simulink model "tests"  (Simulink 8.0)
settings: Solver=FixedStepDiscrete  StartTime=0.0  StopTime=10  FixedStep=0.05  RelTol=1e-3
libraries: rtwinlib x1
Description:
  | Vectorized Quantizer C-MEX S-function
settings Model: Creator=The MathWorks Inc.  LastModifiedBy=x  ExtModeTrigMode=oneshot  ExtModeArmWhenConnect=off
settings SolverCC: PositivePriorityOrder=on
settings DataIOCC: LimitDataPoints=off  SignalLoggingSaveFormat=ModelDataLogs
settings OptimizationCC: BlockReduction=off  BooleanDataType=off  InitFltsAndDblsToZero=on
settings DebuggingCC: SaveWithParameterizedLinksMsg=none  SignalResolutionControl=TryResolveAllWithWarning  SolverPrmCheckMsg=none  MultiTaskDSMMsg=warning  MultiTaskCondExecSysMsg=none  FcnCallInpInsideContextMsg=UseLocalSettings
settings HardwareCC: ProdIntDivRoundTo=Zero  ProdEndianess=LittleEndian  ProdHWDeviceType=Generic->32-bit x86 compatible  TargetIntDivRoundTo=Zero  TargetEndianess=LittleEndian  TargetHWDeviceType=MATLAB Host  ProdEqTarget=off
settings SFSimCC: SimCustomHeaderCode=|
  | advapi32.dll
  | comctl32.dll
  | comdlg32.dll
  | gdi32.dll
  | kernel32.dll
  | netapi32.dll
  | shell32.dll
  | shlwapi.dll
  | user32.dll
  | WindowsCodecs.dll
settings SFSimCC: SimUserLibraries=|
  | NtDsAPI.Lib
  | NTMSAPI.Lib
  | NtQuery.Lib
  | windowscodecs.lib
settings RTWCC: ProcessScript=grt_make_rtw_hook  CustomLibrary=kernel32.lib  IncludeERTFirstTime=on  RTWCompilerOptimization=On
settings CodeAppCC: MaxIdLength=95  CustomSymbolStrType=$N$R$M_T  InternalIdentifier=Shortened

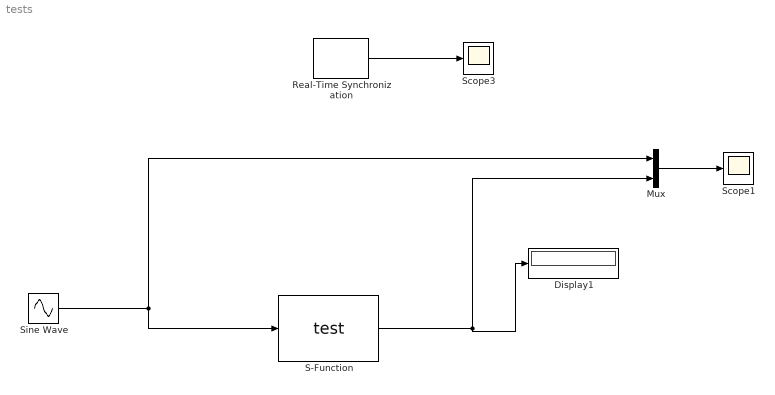
== system tests ==
  Display1 : Display
  Mux : Mux  Inputs=2
  Real-Time Synchronization : rtwinlib/Real-Time Synchronization  SampleTime=0.05  MaxMissedTicks=10000  ShowMissedTicks=on  YieldWhenWaiting=off
  S-Function : S-Function  FunctionName=test  Parameters=p1,p2  EnableBusSupport=off  mask(Serial Communication Tutorial){p1=0, p2=0}
      mask prompts: p1 "Port Name"; p2 "Baud Rate"
      mask help:
      | This Block Contains tutorial to communicate Serial Ports Through Matlab S-functions.
      |  by self-Defining the Ports. Note that To comunicate In MATLAB Real-Time Workshop
      |  Due to WATCOM Compiler for accessing Directly the Drivers independently from
      |  Windows APKs, you may need to construct the packet input/output to access Drivers
      |  In real_time Applications.
      |  Since this Method utilize the In-Time Comunication, For better Performance it's
      |  advice to close down all concurrent application in Windows Process.
      |
      |
      |   Copyright 2014 Aras Lab, K. N. Tossi university of technology, Tehran, Iran.
      |   For more Information Contact: aagand@email.kntu.ac.ir or Pedram.agand@gmail.com (@ee.kntu.ac.ir)
      mask Display:
      | port_label('input', 1, 'in')
      | port_label('output', 1, 'out')
  Scope1 : Scope
      settings: YMin=-0.5  YMax=6.5  SaveName=ScopeData2
  Scope3 : Scope
      settings: TimeRange=10  YMin=35  YMax=135
  Sine Wave : Sin  Bias=1
  wires:
  S-Function/1 -> Mux/2, Display1/1
  Mux/1 -> Scope1/1
  Real-Time Synchronization/1 -> Scope3/1
  Sine Wave/1 -> Mux/1, S-Function/1
_____
_REQUIRED ACTION_
Each line of the entries that contains the word "Wave" should be listed.

_SOLUTION TO THIS PROBLEM_
  Sine Wave : Sin  Bias=1
  Sine Wave/1 -> Mux/1, S-Function/1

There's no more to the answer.